7 Plot Utilities

6.0.1

7 Plot Utilities

(require plot/utils)	package: plot-lib
(require plot/typed/utils)

7.1 Formatting

procedure
(digits-for-range x-min
x-max
[ base
extra-digits]) → exact-integer?
  x-min : real?
  x-max : real?
  base : (and/c exact-integer? (>=/c 2)) = 10
  extra-digits : exact-integer? = 3

Given a range, returns the number of decimal places necessary to distinguish numbers in the range. This may return negative numbers for large ranges.

Examples:

> (digits-for-range 0.01 0.02)
5
> (digits-for-range 0 100000)
-2

procedure
(real->plot-label x digits [scientific?]) → any
  x : real?
  digits : exact-integer?
  scientific? : boolean? = #t

Converts a real number to a plot label. Used to format axis tick labels, point-labels, and numbers in legend entries.

Examples:

> (let ([d (digits-for-range 0.01 0.03)])
(real->plot-label 0.02555555 d))
".02556"
> (real->plot-label 2352343 -2)
"2352300"
> (real->plot-label 1000000000.0 4)
"1×10⁹"
> (real->plot-label 1000000000.1234 4)
"(1×10⁹)+.1234"

procedure
(ivl->plot-label i [extra-digits]) → string?
i : ivl?
extra-digits : exact-integer? = 3

Converts an interval to a plot label.

If i = (ivl x-min x-max), the number of digits used is (digits-for-range x-min x-max 10 extra-digits) when both endpoints are rational?. Otherwise, it is unspecified—but will probably remain 15.

Examples:

> (ivl->plot-label (ivl -10.52312 10.99232))
"[-10.52,10.99]"
> (ivl->plot-label (ivl -inf.0 pi))
"[-inf.0,3.141592653589793]"

procedure
(->plot-label a [digits]) → string?
a : any/c
digits : exact-integer? = 7

Converts a Racket value to a label. Used by discrete-histogram and discrete-histogram3d.

procedure
(real->string/trunc x e) → string?
x : real?
e : exact-integer?

Like real->decimal-string, but removes any trailing zeros and any trailing decimal point.

procedure
(real->decimal-string* x
min-digits
[ max-digits]) → string?
  x : real?
  min-digits : exact-nonnegative-integer?
  max-digits : exact-nonnegative-integer? = min-digits

Like real->decimal-string, but accepts both a maximum and minimum number of digits.

Examples:

> (real->decimal-string* 1 5 10)
"1.00000"
> (real->decimal-string* 1.123456 5 10)
"1.123456"
> (real->decimal-string* 1.123456789123456 5 10)
"1.1234567891"

Applying (real->decimal-string* x min-digits) yields the same value as (real->decimal-string x min-digits).

procedure
(integer->superscript x) → string?
x : exact-integer?

Converts an integer into a string of superscript Unicode characters.

Example:

> (integer->superscript -1234567890)
"⁻¹²³⁴⁵⁶⁷⁸⁹⁰"

Systems running some out-of-date versions of Windows XP have difficulty with Unicode superscripts for 4 and up. Because integer->superscript is used by every number formatting function to format exponents, if you have such a system, Plot will apparently not format all numbers with exponents correctly (until you update it).

7.2 Sampling

procedure
(linear-seq start
end
num
[ #:start? start?
#:end? end?]) → (listof real?)
  start : real?
  end : real?
  num : exact-nonnegative-integer?
  start? : boolean? = #t
  end? : boolean? = #t

Returns a list of uniformly spaced real numbers between start and end. If start? is #t, the list includes start. If end? is #t, the list includes end.

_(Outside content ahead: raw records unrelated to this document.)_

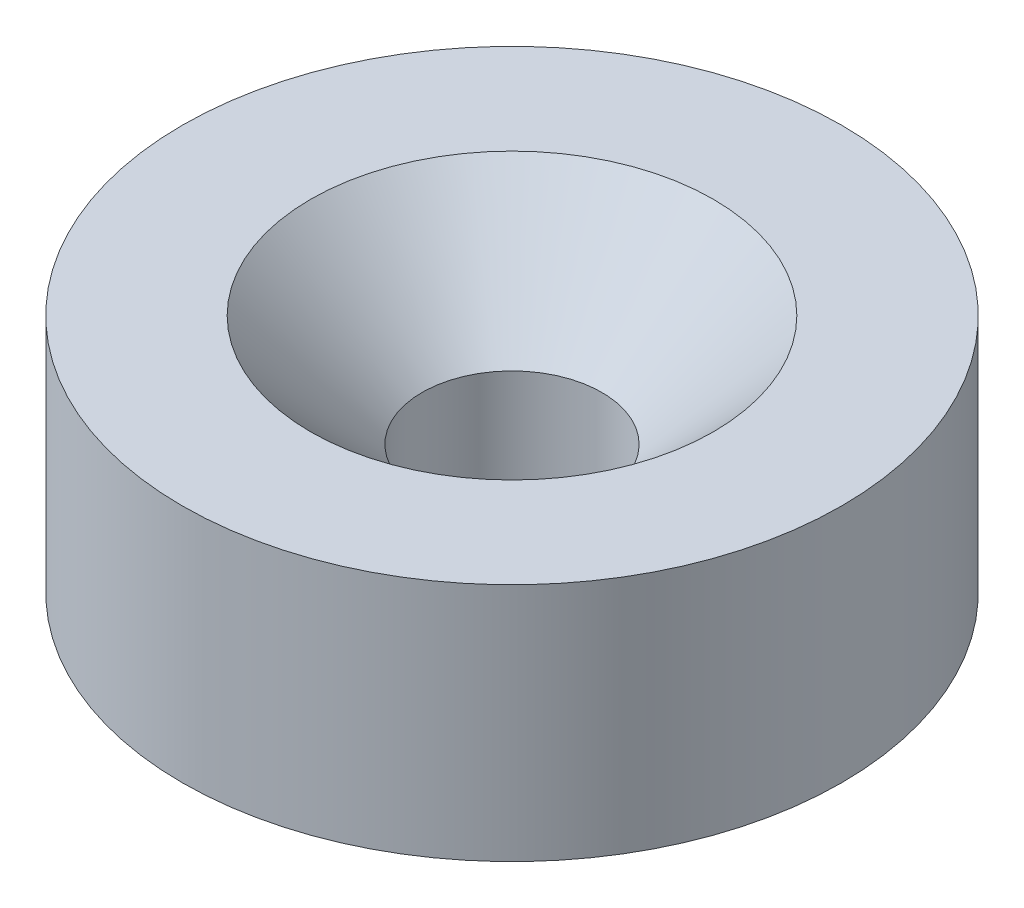
from build123d import *

# Parameters (mm, degrees)
SKETCH2_R                     = 5.5
BOSS_EXTRUDE1_DEPTH           = 4
CSK_FOR_M3_SFHCS1_D           = 3
CSK_FOR_M3_SFHCS1_DEPTH       = 31.098709071
CSK_FOR_M3_SFHCS1_CSINK_D     = 6.72
CSK_FOR_M3_SFHCS1_CSINK_ANGLE = 90
CSK_FOR_M3_SFHCS1_TIP         = 0.901290929


with BuildPart() as part:
    # Sketch2 → Boss-Extrude1 (new body)
    with BuildSketch(Plane(origin=(0, 0, 0), x_dir=(1, 0, 0), z_dir=(0, 1, 0))):
        with Locations(Location((0, 0, 0), (0, 0, 270))):
            Circle(SKETCH2_R)
    extrude(amount=BOSS_EXTRUDE1_DEPTH)

    # CSK for M3 SFHCS1
    with Locations(Plane(origin=(0, 4, 0), x_dir=(1, 0, 0), z_dir=(0, 1, 0))):
        with Locations((0, 0)):
            CounterSinkHole(CSK_FOR_M3_SFHCS1_D / 2, CSK_FOR_M3_SFHCS1_CSINK_D / 2, depth=CSK_FOR_M3_SFHCS1_DEPTH, counter_sink_angle=CSK_FOR_M3_SFHCS1_CSINK_ANGLE)
            with Locations((0, 0, -(CSK_FOR_M3_SFHCS1_DEPTH + CSK_FOR_M3_SFHCS1_TIP / 2))):  # 118° drill point
                Cone(0, CSK_FOR_M3_SFHCS1_D / 2, CSK_FOR_M3_SFHCS1_TIP, mode=Mode.SUBTRACT)


solid = part.part
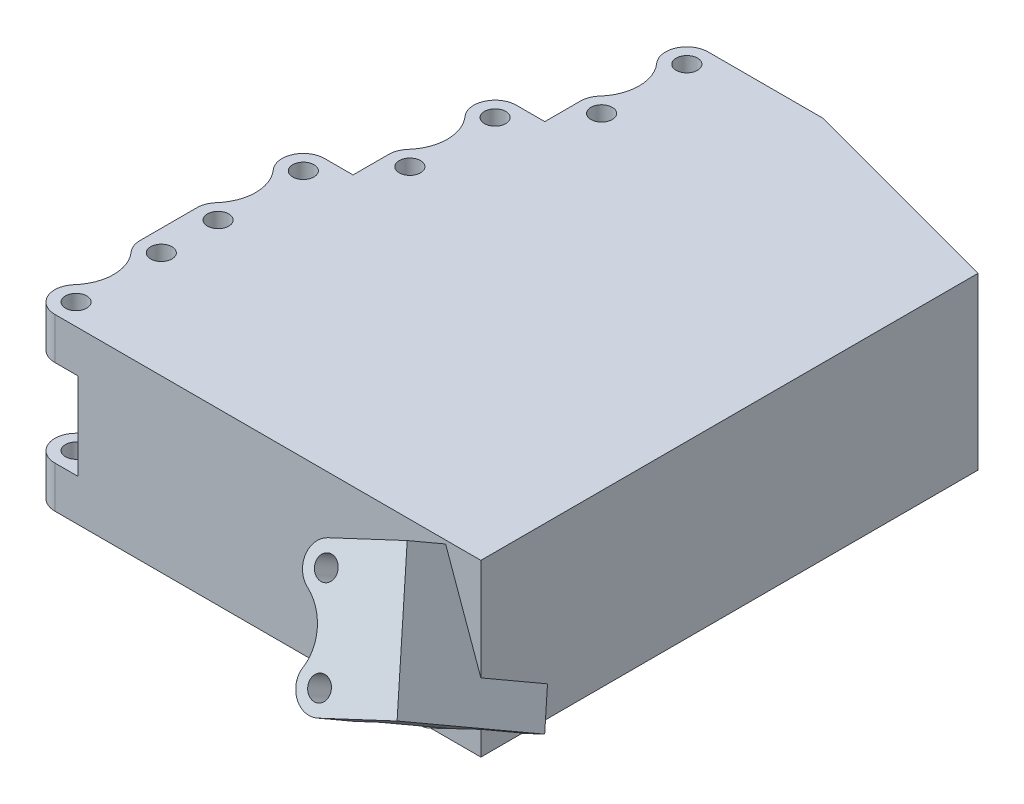
from build123d import *

# Parameters (mm, degrees)
SKETCH1_R           = 1.5
BOSS_EXTRUDE1_DEPTH = 12
SKETCH2_R           = 1.5
BOSS_EXTRUDE2_DEPTH = 12
CUT_EXTRUDE1_DEPTH  = 6.125
CUT_EXTRUDE2_DEPTH  = 6.125


with BuildPart() as part:
    # Sketch1 → Boss-Extrude1 (new, symmetric)
    with BuildSketch(Plane(origin=(0, 0, 0), x_dir=(1, 0, 0), z_dir=(0, 1, 0))):
        with BuildLine():
            Line((-20, 41), (-49.856406461, 49))
            Line((-49.856406461, 49), (-66, 49))
            ThreePointArc((-66, 49), (-68.738612788, 47.224744871), (-68.236067977, 44))
            ThreePointArc((-68.236067977, 44), (-66.708203932, 40), (-68.236067977, 36))
            ThreePointArc((-68.236067977, 36), (-68.802517077, 35.070466269), (-69, 34))
            Line((-69, 34), (-69, 31))
            Line((-69, 31), (-69, 29))
            Line((-69, 29), (-73, 29))
            ThreePointArc((-73, 29), (-75.738612788, 27.224744871), (-75.236067977, 24))
            ThreePointArc((-75.236067977, 24), (-73.708203932, 20), (-75.236067977, 16))
            ThreePointArc((-75.236067977, 16), (-75.802517077, 15.070466269), (-76, 14))
            Line((-76, 14), (-76, 11))
            Line((-76, 11), (-76, 9))
            Line((-76, 9), (-80, 9))
            ThreePointArc((-80, 9), (-82.738612788, 7.224744871), (-82.236067977, 4))
            ThreePointArc((-82.236067977, 4), (-80.708203932, 0), (-82.236067977, -4))
            ThreePointArc((-82.236067977, -4), (-82.802517077, -4.929533731), (-83, -6))
            Line((-83, -6), (-83, -9))
            Line((-83, -9), (-83, -11))
            Line((-83, -11), (-83, -14))
            ThreePointArc((-83, -14), (-82.802517077, -15.070466269), (-82.236067977, -16))
            ThreePointArc((-82.236067977, -16), (-80.708203932, -20), (-82.236067977, -24))
            ThreePointArc((-82.236067977, -24), (-82.738612788, -27.224744871), (-80, -29))
            Line((-80, -29), (-20, -29))
            Line((-20, -29), (-20, 41))
        make_face()
        with Locations((-66, 46)):
            Circle(SKETCH1_R, mode=Mode.SUBTRACT)
        with Locations((-66, 34)):
            Circle(SKETCH1_R, mode=Mode.SUBTRACT)
        with Locations((-73, 26)):
            Circle(SKETCH1_R, mode=Mode.SUBTRACT)
        with Locations((-73, 14)):
            Circle(SKETCH1_R, mode=Mode.SUBTRACT)
        with Locations((-80, 6)):
            Circle(SKETCH1_R, mode=Mode.SUBTRACT)
        with Locations((-80, -6)):
            Circle(SKETCH1_R, mode=Mode.SUBTRACT)
        with Locations((-80, -14)):
            Circle(SKETCH1_R, mode=Mode.SUBTRACT)
        with Locations((-80, -26)):
            Circle(SKETCH1_R, mode=Mode.SUBTRACT)
    extrude(amount=BOSS_EXTRUDE1_DEPTH, both=True)

    # Sketch3 → Cut-Extrude1 (cut, symmetric)
    with BuildSketch(Plane(origin=(0, 0, 0), x_dir=(1, 0, 0), z_dir=(0, 1, 0))):
        Polygon((-62.75, 49), (-62.75, 29), (-69.75, 29), (-69.75, 9), (-76.75, 9), (-76.75, -29), (-83, -29), (-83, 49), align=None)
    extrude(amount=CUT_EXTRUDE1_DEPTH, both=True, mode=Mode.SUBTRACT)


with BuildPart() as body_2:
    # Sketch2 → Boss-Extrude2 (new, symmetric)
    with BuildSketch(Plane(origin=(0, 12.557368355, 21.75), x_dir=(1, 0, 0), z_dir=(0, 0.499999999999998, 0.8660254037844398))):
        with BuildLine():
            Line((-34.205355566, -8.358249884), (-24.966560241, -4.53141556))
            Line((-24.966560241, -4.53141556), (-18.078258458, -21.161247145))
            Line((-18.078258458, -21.161247145), (-27.317053784, -24.988081469))
            ThreePointArc((-27.317053784, -24.988081469), (-30.526562811, -24.395981332), (-31.296328383, -21.224389975))
            ThreePointArc((-31.296328383, -21.224389975), (-31.415499793, -16.944183588), (-34.357795842, -13.833353715))
            ThreePointArc((-34.357795842, -13.833353715), (-36.056143142, -11.046393504), (-34.205355566, -8.358249884))
        make_face()
        with Locations((-33.057305269, -11.129888481)):
            Circle(SKETCH2_R, mode=Mode.SUBTRACT)
        with Locations((-28.465104081, -22.216442871)):
            Circle(SKETCH2_R, mode=Mode.SUBTRACT)
    extrude(amount=BOSS_EXTRUDE2_DEPTH, both=True)


with BuildPart() as cut_extrude2_tool:
    # Sketch4 → Cut-Extrude2 (new, symmetric)
    with BuildSketch(Plane(origin=(0, 12.557368355, 21.75), x_dir=(1, 0, 0), z_dir=(0, 0.499999999999998, 0.8660254037844398))):
        Polygon((-31.202747086, -7.114528729), (-24.314445303, -23.744360314), (-30.088692381, -26.136131766), (-36.976994164, -9.506300181), align=None)
    extrude(amount=CUT_EXTRUDE2_DEPTH, both=True)


with BuildPart() as part_1:
    add(part.part)

    # Cut-Extrude2: cut by cut_extrude2_tool
    add(cut_extrude2_tool.part, mode=Mode.SUBTRACT)


with BuildPart() as body_2_1:
    add(body_2.part)

    # Cut-Extrude2: cut by cut_extrude2_tool
    add(cut_extrude2_tool.part, mode=Mode.SUBTRACT)


solid = Compound([part_1.part, body_2_1.part])

This function is used internally to generate sample points.

Examples:

> (linear-seq 0 1 5)
'(0 1/4 1/2 3/4 1)
> (linear-seq 0 1 5 #:start? #f)
'(1/9 1/3 5/9 7/9 1)
> (linear-seq 0 1 5 #:end? #f)
'(0 2/9 4/9 2/3 8/9)
> (linear-seq 0 1 5 #:start? #f #:end? #f)
'(1/10 3/10 1/2 7/10 9/10)
> (define xs (linear-seq -1 1 11))
> (plot (lines (map vector xs (map sqr xs))))

procedure
(linear-seq* points
num
[ #:start? start?
#:end? end?]) → (listof real?)
  points : (listof real?)
  num : exact-nonnegative-integer?
  start? : boolean? = #t
  end? : boolean? = #t

Like linear-seq, but accepts a list of reals instead of a start and end. The #:start? and #:end? keyword arguments work as in linear-seq. This function does not guarantee that each inner value will be in the returned list.

Examples:

> (linear-seq* '(0 1 2) 5)
'(0 1/2 1 3/2 2)
> (linear-seq* '(0 1 2) 6)
'(0 2/5 4/5 6/5 8/5 2)
> (linear-seq* '(0 1 0) 5)
'(0 1/2 1 1/2 0)

procedure
(nonlinear-seq start
end
num
transform
[ #:start? start?
#:end? end?]) → (listof real?)
  start : real?
  end : real?
  num : exact-nonnegative-integer?
  transform : axis-transform/c
  start? : boolean? = #t
  end? : boolean? = #t

Generates a list of reals that, if transformed using transform, would be uniformly spaced. This is used to generate samples for transformed axes.

Examples:

> (linear-seq 1 10 4)
'(1 4 7 10)
> (nonlinear-seq 1 10 4 log-transform)
'(1.0 2.154434690031884 4.641588833612779 10.000000000000002)
> (parameterize ([plot-x-transform log-transform])
(plot (area-histogram sqr (nonlinear-seq 1 10 4 log-transform))))

struct
(struct mapped-function (f fmap)
    #:extra-constructor-name make-mapped-function)
  f : (any/c . -> . any/c)
  fmap : ((listof any/c) . -> . (listof any/c))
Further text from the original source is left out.